Problem: Find the line that contains "line L37 (-4.0202, -26.0024)"; then retype it and each line after it, exactly, through the final line of the data below.
____ Material for the task
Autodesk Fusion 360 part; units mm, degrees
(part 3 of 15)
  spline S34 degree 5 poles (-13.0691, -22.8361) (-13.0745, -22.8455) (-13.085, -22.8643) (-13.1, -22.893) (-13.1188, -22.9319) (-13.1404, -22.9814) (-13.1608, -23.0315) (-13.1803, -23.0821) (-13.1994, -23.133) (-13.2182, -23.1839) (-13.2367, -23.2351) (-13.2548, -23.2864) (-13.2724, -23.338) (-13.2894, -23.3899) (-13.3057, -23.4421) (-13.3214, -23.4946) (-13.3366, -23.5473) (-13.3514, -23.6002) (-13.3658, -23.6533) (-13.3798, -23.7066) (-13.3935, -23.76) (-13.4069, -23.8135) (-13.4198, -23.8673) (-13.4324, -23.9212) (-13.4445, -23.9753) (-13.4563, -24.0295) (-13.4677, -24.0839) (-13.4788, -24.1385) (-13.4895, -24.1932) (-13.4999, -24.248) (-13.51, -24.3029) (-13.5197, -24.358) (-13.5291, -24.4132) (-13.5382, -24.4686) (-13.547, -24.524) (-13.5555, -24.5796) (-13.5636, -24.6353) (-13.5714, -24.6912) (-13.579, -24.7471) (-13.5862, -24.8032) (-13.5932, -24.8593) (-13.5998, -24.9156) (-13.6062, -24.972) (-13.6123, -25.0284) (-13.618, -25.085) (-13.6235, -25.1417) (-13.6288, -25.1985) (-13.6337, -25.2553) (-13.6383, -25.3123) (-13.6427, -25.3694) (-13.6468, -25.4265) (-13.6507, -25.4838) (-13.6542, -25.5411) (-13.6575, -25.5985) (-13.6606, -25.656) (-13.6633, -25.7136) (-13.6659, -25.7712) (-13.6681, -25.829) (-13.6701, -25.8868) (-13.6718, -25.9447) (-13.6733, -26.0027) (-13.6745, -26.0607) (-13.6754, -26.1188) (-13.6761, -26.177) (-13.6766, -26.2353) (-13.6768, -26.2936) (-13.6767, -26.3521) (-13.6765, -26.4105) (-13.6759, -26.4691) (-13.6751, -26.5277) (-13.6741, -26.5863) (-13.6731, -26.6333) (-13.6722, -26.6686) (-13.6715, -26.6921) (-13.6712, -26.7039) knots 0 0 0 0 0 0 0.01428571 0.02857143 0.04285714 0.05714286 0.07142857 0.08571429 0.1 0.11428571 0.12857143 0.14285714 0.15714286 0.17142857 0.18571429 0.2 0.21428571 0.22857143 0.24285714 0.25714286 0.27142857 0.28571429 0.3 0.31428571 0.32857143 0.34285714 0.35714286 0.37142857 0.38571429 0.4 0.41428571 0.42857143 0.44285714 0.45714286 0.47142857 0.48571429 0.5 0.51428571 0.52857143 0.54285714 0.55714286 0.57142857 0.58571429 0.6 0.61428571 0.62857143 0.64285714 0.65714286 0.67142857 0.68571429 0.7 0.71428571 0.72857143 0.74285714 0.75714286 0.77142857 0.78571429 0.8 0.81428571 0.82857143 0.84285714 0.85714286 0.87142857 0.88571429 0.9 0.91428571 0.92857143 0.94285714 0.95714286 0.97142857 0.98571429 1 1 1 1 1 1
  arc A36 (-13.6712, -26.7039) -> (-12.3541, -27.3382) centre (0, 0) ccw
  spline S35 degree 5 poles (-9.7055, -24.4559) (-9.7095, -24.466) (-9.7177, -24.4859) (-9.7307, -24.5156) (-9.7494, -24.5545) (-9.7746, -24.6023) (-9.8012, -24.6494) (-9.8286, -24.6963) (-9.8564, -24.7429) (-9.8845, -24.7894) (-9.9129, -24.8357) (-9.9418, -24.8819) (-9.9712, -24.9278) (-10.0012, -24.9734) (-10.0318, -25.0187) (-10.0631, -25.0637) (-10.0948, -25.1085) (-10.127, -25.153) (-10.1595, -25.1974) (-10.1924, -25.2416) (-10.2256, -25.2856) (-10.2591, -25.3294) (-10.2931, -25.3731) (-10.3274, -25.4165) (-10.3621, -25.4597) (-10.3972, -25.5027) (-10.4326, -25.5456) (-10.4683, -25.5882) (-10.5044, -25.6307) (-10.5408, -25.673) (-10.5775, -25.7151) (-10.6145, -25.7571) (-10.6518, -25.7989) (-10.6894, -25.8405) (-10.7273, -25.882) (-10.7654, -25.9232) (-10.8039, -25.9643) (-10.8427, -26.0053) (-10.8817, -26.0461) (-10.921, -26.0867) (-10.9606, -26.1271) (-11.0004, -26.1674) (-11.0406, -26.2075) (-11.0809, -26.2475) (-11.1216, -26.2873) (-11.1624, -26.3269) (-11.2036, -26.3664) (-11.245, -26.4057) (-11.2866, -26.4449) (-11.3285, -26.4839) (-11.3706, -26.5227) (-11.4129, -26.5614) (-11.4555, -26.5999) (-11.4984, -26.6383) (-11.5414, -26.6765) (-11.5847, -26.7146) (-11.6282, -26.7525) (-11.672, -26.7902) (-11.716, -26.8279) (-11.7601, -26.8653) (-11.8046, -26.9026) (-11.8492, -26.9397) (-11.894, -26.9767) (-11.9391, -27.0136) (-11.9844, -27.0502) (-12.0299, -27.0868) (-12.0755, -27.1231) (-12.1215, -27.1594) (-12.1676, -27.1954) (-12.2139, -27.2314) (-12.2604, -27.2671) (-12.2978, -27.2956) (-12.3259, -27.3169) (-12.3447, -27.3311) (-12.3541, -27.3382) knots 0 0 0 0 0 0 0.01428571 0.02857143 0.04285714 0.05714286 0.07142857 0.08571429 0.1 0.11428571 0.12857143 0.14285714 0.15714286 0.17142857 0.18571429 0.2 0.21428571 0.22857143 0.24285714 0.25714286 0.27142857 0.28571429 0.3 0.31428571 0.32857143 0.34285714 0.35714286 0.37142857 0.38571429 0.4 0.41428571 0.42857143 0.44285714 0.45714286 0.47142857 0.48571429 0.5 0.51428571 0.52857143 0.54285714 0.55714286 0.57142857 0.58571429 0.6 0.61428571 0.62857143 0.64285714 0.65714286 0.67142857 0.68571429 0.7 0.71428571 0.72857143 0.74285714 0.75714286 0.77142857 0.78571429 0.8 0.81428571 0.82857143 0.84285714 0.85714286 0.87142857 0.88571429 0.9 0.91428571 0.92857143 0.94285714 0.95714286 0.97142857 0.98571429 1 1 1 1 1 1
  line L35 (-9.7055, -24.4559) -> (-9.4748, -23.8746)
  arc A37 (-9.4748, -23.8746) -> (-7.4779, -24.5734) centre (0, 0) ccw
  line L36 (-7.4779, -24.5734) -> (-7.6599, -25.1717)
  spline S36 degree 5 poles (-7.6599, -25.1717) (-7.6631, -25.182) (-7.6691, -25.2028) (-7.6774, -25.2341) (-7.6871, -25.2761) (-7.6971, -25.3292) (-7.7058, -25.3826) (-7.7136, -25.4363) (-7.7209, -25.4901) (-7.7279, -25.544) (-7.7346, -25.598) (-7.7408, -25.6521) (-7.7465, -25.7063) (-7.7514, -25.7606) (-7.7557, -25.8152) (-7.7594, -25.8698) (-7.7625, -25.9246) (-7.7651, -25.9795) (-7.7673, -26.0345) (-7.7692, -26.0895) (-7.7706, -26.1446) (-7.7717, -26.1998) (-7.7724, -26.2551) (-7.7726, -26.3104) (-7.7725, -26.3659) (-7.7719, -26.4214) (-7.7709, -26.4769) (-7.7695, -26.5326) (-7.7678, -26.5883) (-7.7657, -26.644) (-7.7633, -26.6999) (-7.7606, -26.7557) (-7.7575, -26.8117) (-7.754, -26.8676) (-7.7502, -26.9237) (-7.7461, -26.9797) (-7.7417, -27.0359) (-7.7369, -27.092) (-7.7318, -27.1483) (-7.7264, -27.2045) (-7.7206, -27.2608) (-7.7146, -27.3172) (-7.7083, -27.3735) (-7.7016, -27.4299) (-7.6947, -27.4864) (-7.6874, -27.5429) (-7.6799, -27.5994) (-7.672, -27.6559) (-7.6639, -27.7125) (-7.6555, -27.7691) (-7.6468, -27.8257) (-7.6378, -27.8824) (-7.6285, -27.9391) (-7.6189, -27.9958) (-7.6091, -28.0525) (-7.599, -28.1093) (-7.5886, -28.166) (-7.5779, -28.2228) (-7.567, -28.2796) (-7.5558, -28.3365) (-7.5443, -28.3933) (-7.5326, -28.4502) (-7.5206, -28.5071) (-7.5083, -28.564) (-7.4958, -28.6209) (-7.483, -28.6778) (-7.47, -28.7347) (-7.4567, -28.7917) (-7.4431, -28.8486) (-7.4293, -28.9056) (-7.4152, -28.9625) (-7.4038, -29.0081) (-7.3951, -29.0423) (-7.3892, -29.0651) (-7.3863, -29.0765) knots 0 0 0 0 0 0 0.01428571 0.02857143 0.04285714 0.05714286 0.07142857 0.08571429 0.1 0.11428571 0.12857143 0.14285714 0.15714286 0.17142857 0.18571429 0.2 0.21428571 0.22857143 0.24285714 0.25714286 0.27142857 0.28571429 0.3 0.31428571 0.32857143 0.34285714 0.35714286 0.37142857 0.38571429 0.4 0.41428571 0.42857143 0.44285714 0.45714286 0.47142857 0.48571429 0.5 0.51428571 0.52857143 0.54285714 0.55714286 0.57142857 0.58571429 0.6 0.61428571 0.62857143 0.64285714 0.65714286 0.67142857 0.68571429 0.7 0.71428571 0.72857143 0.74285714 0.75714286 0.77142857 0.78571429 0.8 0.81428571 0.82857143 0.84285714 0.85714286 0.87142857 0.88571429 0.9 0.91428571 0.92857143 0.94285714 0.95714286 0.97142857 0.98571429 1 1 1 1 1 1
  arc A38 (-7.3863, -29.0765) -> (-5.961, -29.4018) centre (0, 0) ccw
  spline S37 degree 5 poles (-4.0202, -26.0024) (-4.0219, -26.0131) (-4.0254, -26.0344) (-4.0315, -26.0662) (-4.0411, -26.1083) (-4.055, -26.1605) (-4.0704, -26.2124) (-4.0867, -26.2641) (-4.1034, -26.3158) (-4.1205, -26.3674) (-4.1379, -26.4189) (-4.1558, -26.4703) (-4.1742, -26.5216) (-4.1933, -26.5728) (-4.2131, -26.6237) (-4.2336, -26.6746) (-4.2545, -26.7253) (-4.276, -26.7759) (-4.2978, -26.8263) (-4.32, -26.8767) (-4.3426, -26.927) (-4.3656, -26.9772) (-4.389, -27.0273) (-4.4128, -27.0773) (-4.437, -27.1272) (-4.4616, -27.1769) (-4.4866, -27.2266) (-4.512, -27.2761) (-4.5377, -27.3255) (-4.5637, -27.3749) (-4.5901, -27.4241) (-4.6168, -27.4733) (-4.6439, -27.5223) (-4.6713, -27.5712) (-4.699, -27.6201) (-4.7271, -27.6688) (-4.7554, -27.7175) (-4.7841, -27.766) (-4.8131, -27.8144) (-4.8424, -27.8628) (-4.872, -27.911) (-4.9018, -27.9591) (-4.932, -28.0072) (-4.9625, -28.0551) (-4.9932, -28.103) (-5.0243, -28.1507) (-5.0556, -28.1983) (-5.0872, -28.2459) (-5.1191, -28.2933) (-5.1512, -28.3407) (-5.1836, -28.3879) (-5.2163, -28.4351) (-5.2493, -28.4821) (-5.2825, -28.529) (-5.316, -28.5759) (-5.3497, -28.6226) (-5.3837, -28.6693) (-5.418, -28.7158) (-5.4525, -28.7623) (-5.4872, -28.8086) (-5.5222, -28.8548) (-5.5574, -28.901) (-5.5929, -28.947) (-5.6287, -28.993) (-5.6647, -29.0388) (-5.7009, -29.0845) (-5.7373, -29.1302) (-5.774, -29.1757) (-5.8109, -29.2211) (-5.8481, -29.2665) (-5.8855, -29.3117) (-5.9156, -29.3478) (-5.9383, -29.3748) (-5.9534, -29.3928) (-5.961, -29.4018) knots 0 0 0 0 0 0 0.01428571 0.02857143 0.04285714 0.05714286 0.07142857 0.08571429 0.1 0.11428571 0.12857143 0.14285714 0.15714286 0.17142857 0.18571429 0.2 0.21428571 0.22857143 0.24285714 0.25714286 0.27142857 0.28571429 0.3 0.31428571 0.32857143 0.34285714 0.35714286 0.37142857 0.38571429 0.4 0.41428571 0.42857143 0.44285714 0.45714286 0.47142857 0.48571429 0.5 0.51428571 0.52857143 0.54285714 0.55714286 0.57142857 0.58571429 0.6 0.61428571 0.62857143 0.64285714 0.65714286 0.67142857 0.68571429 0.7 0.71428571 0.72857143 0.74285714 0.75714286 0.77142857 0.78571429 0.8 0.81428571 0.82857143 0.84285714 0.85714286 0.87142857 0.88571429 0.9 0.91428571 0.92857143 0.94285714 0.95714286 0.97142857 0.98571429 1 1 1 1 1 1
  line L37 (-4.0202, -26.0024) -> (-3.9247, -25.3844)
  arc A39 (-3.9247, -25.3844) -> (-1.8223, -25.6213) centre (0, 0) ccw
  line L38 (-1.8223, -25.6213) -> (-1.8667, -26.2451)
________
Solved problem:
  line L37 (-4.0202, -26.0024) -> (-3.9247, -25.3844)
  arc A39 (-3.9247, -25.3844) -> (-1.8223, -25.6213) centre (0, 0) ccw
  line L38 (-1.8223, -25.6213) -> (-1.8667, -26.2451)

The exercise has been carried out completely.